Spanish plunder of the Andes began. To ransom himself, Atahualpa offered to fill a room with gold and silver. Hernando Pizarro went to Pachacamac to seize gold at the shrine there. In Cajamarca the Spaniards divided Atahualpa's fabulous ransom, each Pizarro claiming great quantities of gold and silver. Francisco sent Hernando back to Spain with the king's fifth of the treasure, executed Atahualpa on 26 July 1533, and then moved south to Cuzco, the Inca capital. There, Francisco set up a Spanish government but controlled the Andeans through a puppet ruler, Manco. He distributed encomiendas and lands to his followers, reserving many for his family. For better communications with Panama and Spain, Francisco established Lima on the coast on 18 January 1535. Meanwhile, Almagro remained resentful, particularly when Francisco placed Hernando, back from Spain, in command of Cuzco. In 1535, Almagro departed for Chile, futilely looking for rumored wealth, and Manco launched a massive uprising throughout the Andes. Juan Pizarro died in the fighting at Cuzco. Almagro's forces returned from Chile in 1537 to help lift the siege of Cuzco but then turned on the Pizarros, who defeated the Almagrists at the battle of Salinas (6 April 1538) and captured and executed Almagro.
The hatred between the Spanish factions brought Francisco to a violent end on 26 June 1541, when Almagrists murdered him in Lima. In his sixties by then, Francisco had risen from the shadows of illegitimacy and illiteracy to possess great wealth and govern a vast realm. The king had made him a marquis. With a sister of Atahualpa, Inés Huaylas Yupanqui, he had two children, Francisca and Gonzalo, although he recognized neither her nor them in his will. He conquered an indigenous empire of perhaps 14 million people through his own tenacity, factionalism among the Incas, superior Spanish weaponry and horses, and the inadvertent introduction of deadly diseases such as smallpox and typhus.
Little interested in living in the Andes, Hernando returned to Spain in 1539. Francisco's murder left Gonzalo to defend Pizarro interests in Peru. As governor of Quito, Gonzalo led an ill-fated search into the Amazon basin for the "Land of Cinnamon." After tremendous suffering, Gonzalo and part of the expedition struggled back to Quito; Francisco de Orellana continued down the Amazon to the Atlantic. In 1544 Gonzalo led a rebellion when Blasco Núñez de Vela, the first viceroy of Peru, attempted to enforce the New Laws of 1542, which would have stripped the conquerors of their encomiendas. Gonzalo was defeated and executed by royalist forces on 9–10 April 1548 near Cuzco.
Only Hernando died a natural death, long after violence claimed his brothers. In 1541 Almagrists secured his arrest in Spain for Diego de Almagro's murder and other crimes. Hernando spent the next twenty years imprisoned, although his wealth and fame enabled him to turn the time into a relatively comfortable existence. From his confinement he managed the family estate and in 1550 married doña Francisca Pizarra, Francisco's mestiza daughter, to unite and protect the family fortunes. He also built a great palace on Trujillo's central plaza before his death in 1578.

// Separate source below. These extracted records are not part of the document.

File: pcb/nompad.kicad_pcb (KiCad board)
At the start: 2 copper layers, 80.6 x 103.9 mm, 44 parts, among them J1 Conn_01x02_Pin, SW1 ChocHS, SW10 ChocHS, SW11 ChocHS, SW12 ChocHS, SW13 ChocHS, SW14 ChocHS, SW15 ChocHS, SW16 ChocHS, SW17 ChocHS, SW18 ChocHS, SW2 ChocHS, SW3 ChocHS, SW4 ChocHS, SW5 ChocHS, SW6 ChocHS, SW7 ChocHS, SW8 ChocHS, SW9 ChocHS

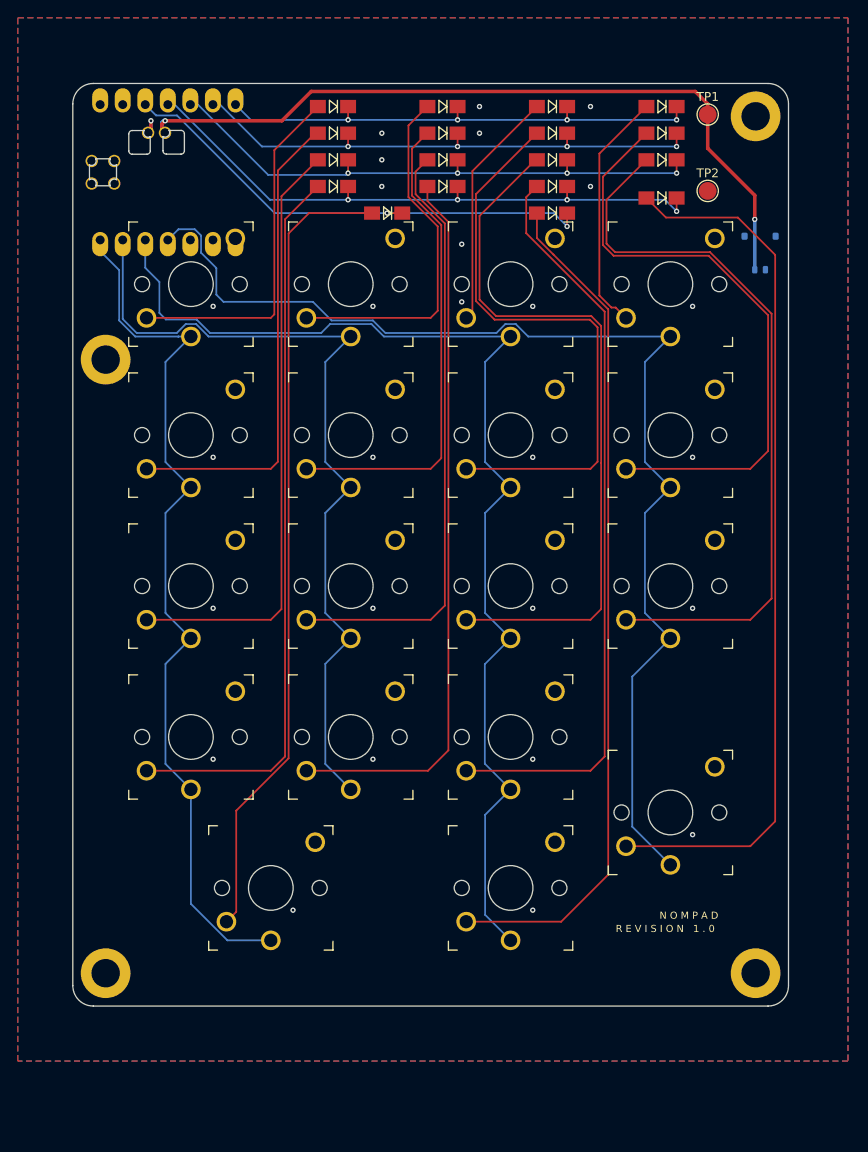
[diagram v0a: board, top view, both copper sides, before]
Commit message: Move one of the screw sockets under case
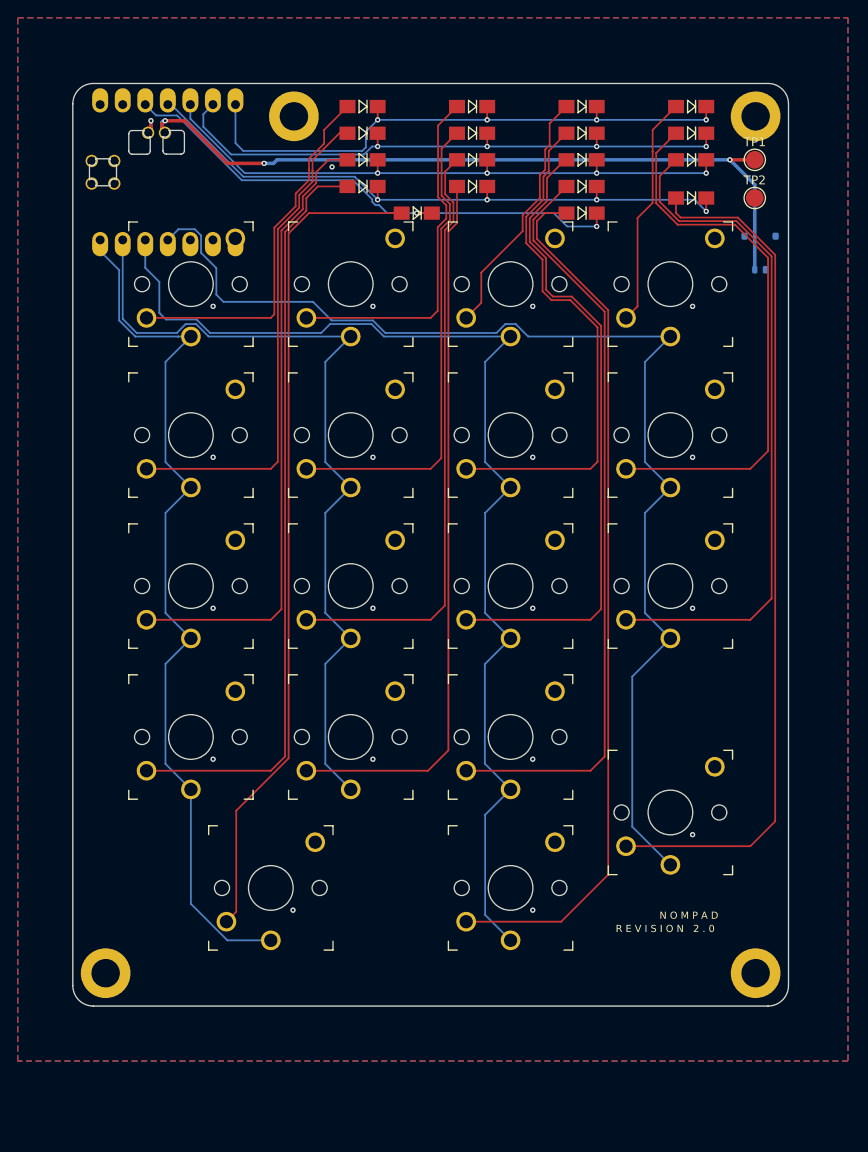
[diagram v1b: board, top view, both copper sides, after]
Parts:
- moved REF** 34.6 mm to (132.6, 49.1)
- moved TP1 7.36 mm to (184.5, 54.0)
- moved TP2 5.36 mm to (184.5, 58.3)
- moved D1 3.33 mm to (140.3, 48.0)
- moved D11 3.33 mm to (165.0, 54.0)
- moved D12 3.33 mm to (177.3, 54.0)
- moved D13 3.33 mm to (140.3, 57.0)
- moved D15 3.33 mm to (165.0, 57.0)
- moved D16 3.33 mm to (177.3, 58.3)
- moved D17 3.33 mm to (146.4, 60.0)
- moved D18 3.33 mm to (165.0, 60.0)
- moved D3 3.33 mm to (165.0, 48.0)
- moved D4 3.33 mm to (177.3, 48.0)
- moved D5 3.33 mm to (140.3, 51.0)
- moved D7 3.33 mm to (165.0, 51.0)
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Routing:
- net /ROW0: track 56.4 -> 66.2 mm
- net Net-(D11-A): track 81.1 -> 72.7 mm
- net Net-(D7-A): track 66.9 -> 58.6 mm
- net /ROW1: track 60.2 -> 68.1 mm
- net Net-(D12-A): track 82.6 -> 76.6 mm
- net Net-(D8-A): track 68.6 -> 62.5 mm
- net /ROW2: track 64.2 -> 68.3 mm
- net /ROW4: track 56.4 -> 59.8 mm
- net /ROW3: track 68.3 -> 71.7 mm
- net Net-(D17-A): track 90.8 -> 94.1 mm
- net Net-(D13-A): track 82.0 -> 85.3 mm
- net Net-(D18-A): track 96.0 -> 98.8 mm
- net Net-(D9-A): track 68.0 -> 70.6 mm
- net Net-(D16-A): track 98.9 -> 96.6 mm
- net BAT: track 86.5 -> 84.6 mm, vias 2 -> 3
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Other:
- board text added: "R E V I S I O N 2 . 0"
- board text removed: "R E V I S I O N 1 . 0"

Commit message: Cleanup
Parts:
- moved TP2 1.84 mm to (185.7, 59.7)
- moved TP1 1.84 mm to (185.7, 55.4)
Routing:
- net /ROW0: track 66.2 -> 68.0 mm
- net BAT: track 84.6 -> 86.4 mm
- net Net-(D11-A): track 72.7 -> 73.4 mm
- net Net-(D15-A): track 85.3 -> 86.0 mm

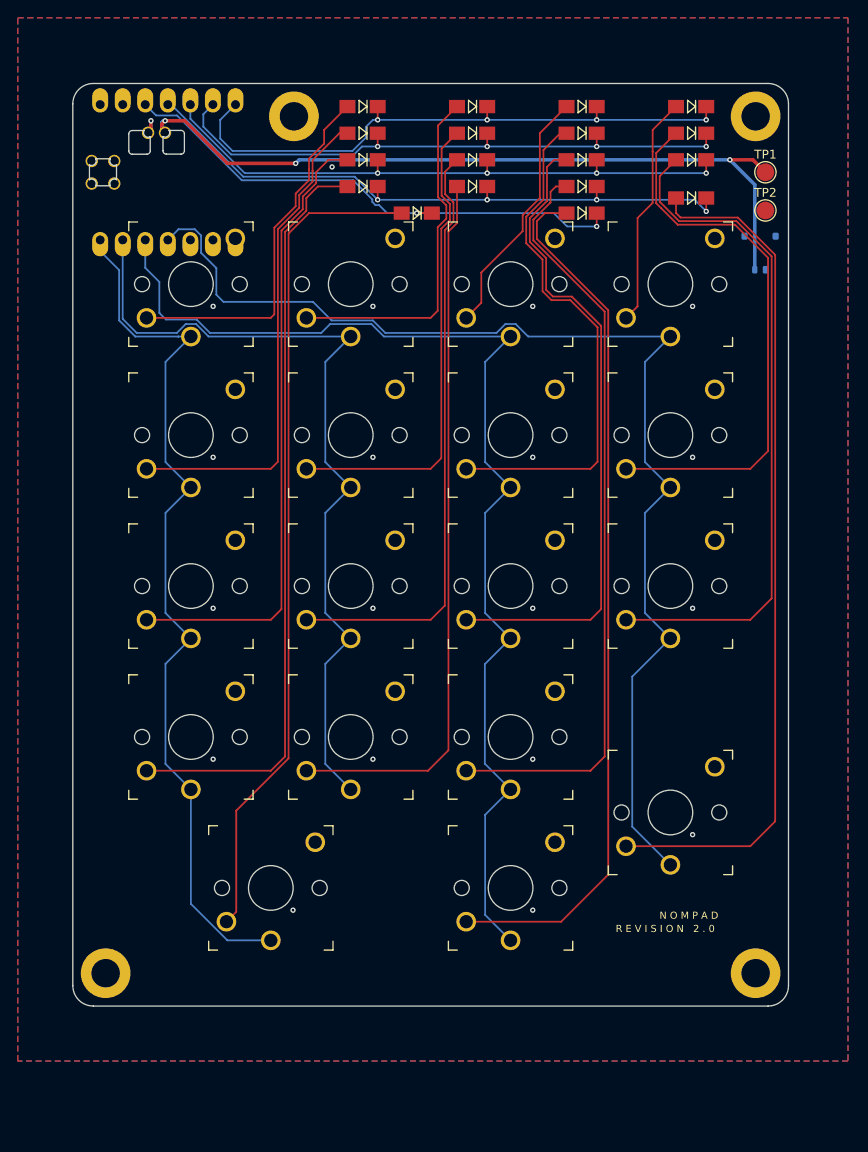
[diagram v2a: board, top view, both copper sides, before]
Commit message: Center everything
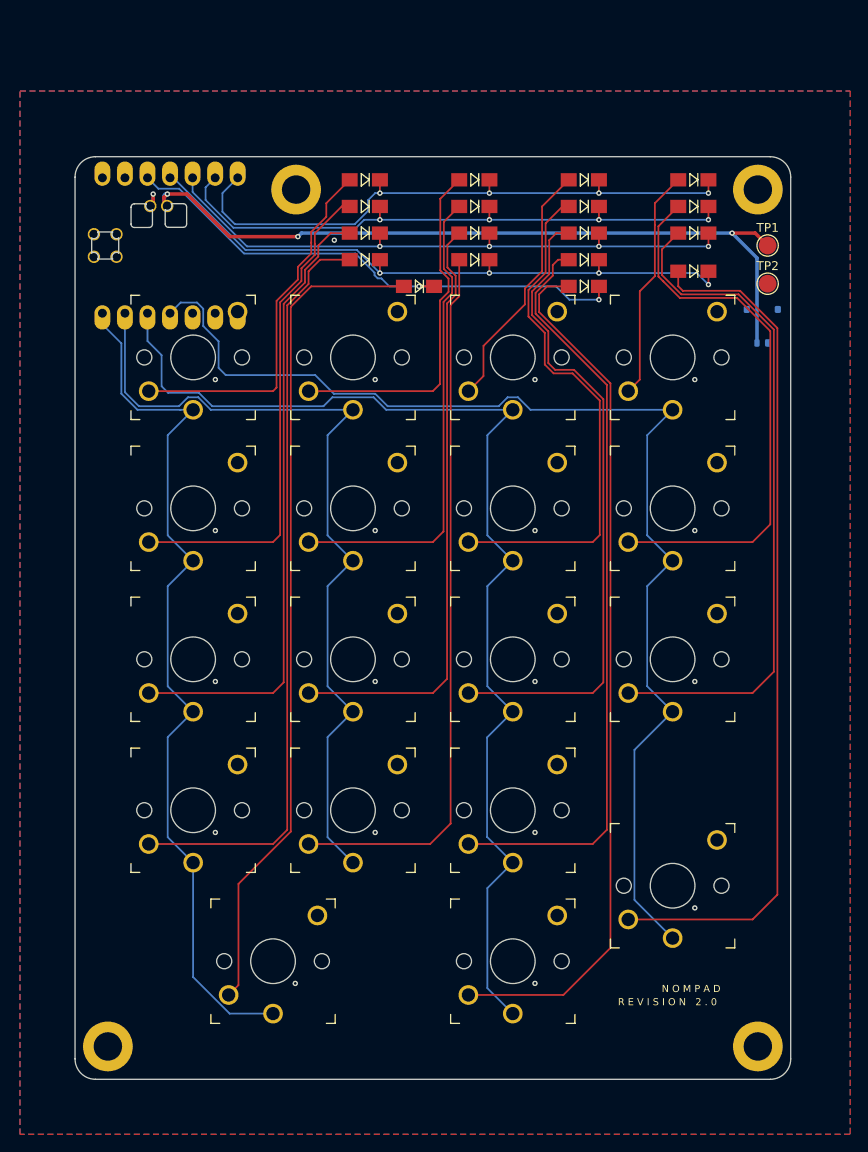
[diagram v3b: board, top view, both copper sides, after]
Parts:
- moved D1 8.25 mm to (140.6, 56.2)
- moved D10 8.25 mm to (152.9, 62.2)
- moved D11 8.25 mm to (165.2, 62.2)
- moved D12 8.25 mm to (177.6, 62.2)
- moved D13 8.25 mm to (140.6, 65.2)
- moved D14 8.25 mm to (152.9, 65.2)
- moved D15 8.25 mm to (165.2, 65.2)
- moved D16 8.25 mm to (177.6, 66.5)
- moved D17 8.25 mm to (146.7, 68.2)
- moved D18 8.25 mm to (165.2, 68.2)
- moved D2 8.25 mm to (152.9, 56.2)
- moved D3 8.25 mm to (165.2, 56.2)
- moved D4 8.25 mm to (177.6, 56.2)
- moved D5 8.25 mm to (140.6, 59.2)
- moved D6 8.25 mm to (152.9, 59.2)
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
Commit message: Align socket
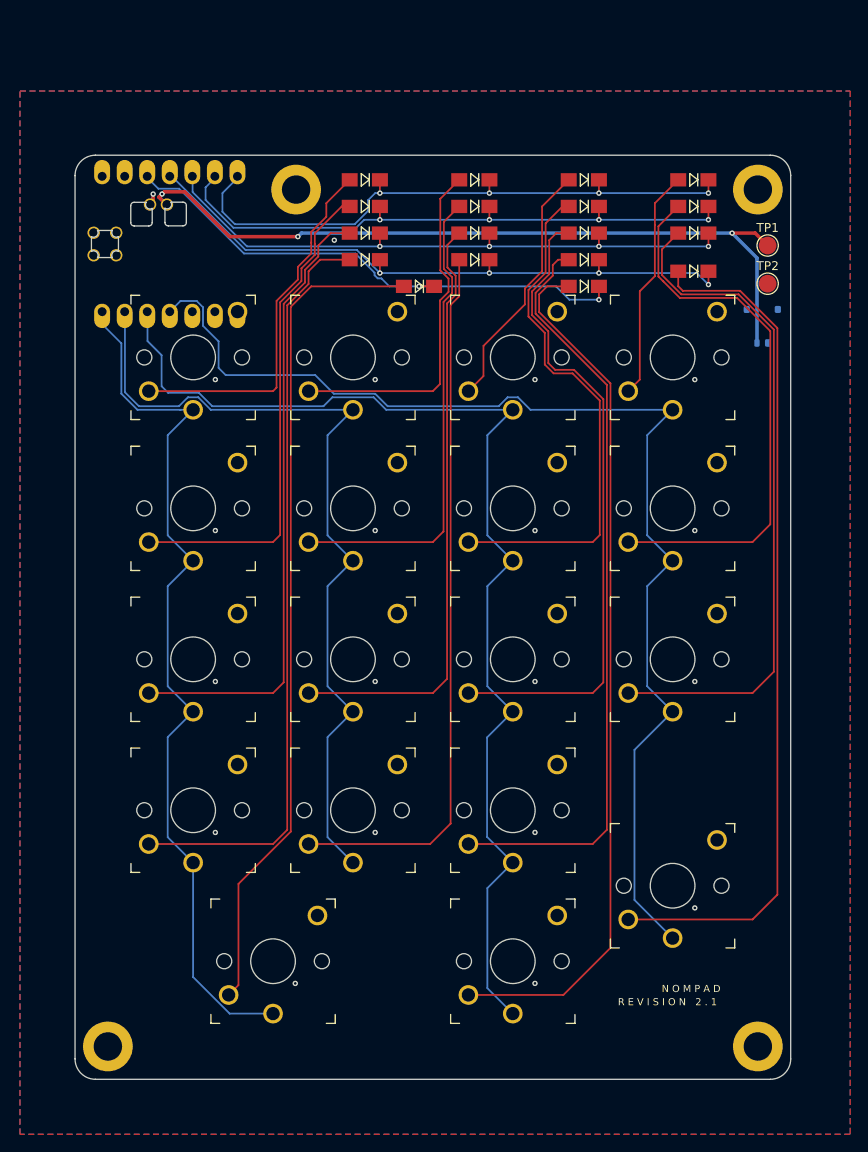
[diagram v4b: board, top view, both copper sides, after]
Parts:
- moved LU1 0.17 mm to (118.6, 63.5)
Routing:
- net BAT: track 86.4 -> 87.2 mm
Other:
- board size 80.6 x 103.9 mm -> 80.6 x 104.1 mm
- board text added: "R E V I S I O N 2 . 1"
- board text removed: "R E V I S I O N 2 . 0"
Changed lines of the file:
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@@
 		(title "Nompad")
 		(date "2025-05-27")
-		(rev "2.0")
+		(rev "2.1")
 	)
 	(layers
@@
 	(footprint "pcb-footprints:xiao-ble-smd-cutout-aternate"
 		(layer "B.Cu")
-		(at 118.65 63.65 -90)
+		(at 118.62 63.48 -90)
 		(property "Reference" "LU1"
 			(at -19.3989 11.28268 90)
@@
 	)
 	(gr_line
-		(start 188.55 55.95)
+		(start 188.55 55.78)
 		(end 188.55 155.25)
 		(stroke
@@
 	)
 	(gr_line
-		(start 107.95 55.95)
+		(start 107.95 55.78)
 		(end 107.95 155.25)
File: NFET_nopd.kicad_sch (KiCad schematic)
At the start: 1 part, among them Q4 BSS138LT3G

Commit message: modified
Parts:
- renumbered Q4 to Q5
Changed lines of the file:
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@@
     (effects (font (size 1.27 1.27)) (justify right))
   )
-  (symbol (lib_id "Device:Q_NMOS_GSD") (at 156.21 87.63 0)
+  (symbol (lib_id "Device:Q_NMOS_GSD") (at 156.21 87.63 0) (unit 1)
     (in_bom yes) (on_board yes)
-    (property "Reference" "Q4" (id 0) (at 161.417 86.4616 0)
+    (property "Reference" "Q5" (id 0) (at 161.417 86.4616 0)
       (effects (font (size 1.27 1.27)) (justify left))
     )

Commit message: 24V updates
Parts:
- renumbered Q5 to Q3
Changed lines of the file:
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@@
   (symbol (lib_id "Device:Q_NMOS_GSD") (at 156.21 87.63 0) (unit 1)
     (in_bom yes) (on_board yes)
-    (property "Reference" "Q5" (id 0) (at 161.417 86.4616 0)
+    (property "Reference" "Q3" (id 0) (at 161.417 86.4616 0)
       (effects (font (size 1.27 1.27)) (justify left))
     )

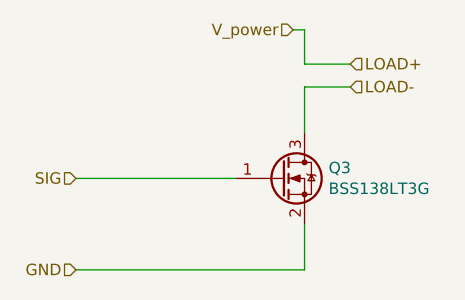
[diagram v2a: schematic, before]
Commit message: fix LT1161 symbol/sch
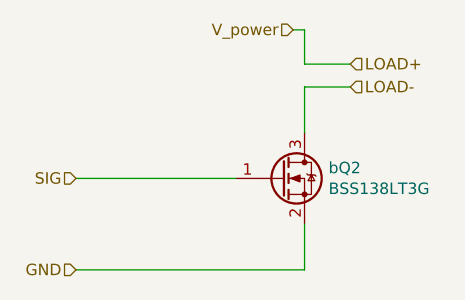
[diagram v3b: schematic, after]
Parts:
- renumbered Q3 to bQ2
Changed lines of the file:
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@@
   (symbol (lib_id "Device:Q_NMOS_GSD") (at 156.21 87.63 0) (unit 1)
     (in_bom yes) (on_board yes)
-    (property "Reference" "Q3" (id 0) (at 161.417 86.4616 0)
+    (property "Reference" "bQ2" (id 0) (at 161.417 86.4616 0)
       (effects (font (size 1.27 1.27)) (justify left))
     )

See also Colonialism ; Cortés, Hernán ; Exploration ; Potosí ; Spanish Colonies: Peru .
BIBLIOGRAPHY
Hemming, John. The Conquest of the Incas. New York, 1970. Narrates the conquest and its aftermath until the 1570s.
Lockhart, James. The Men of Cajamarca: A Social and Biographical Study of the First Conquerors of Peru. Austin, Tex., 1972. Biographies and analysis of each of the men present at the capture of Atahualpa.
Varón Gabai, Rafael. Francisco Pizarro and His Brothers: The Illusion of Power in Sixteenth-Century Peru. Translated by Javier Flores Espinoza. Norman, Okla., 1997. Studies the post-conquest political and economic activities of the Pizarros.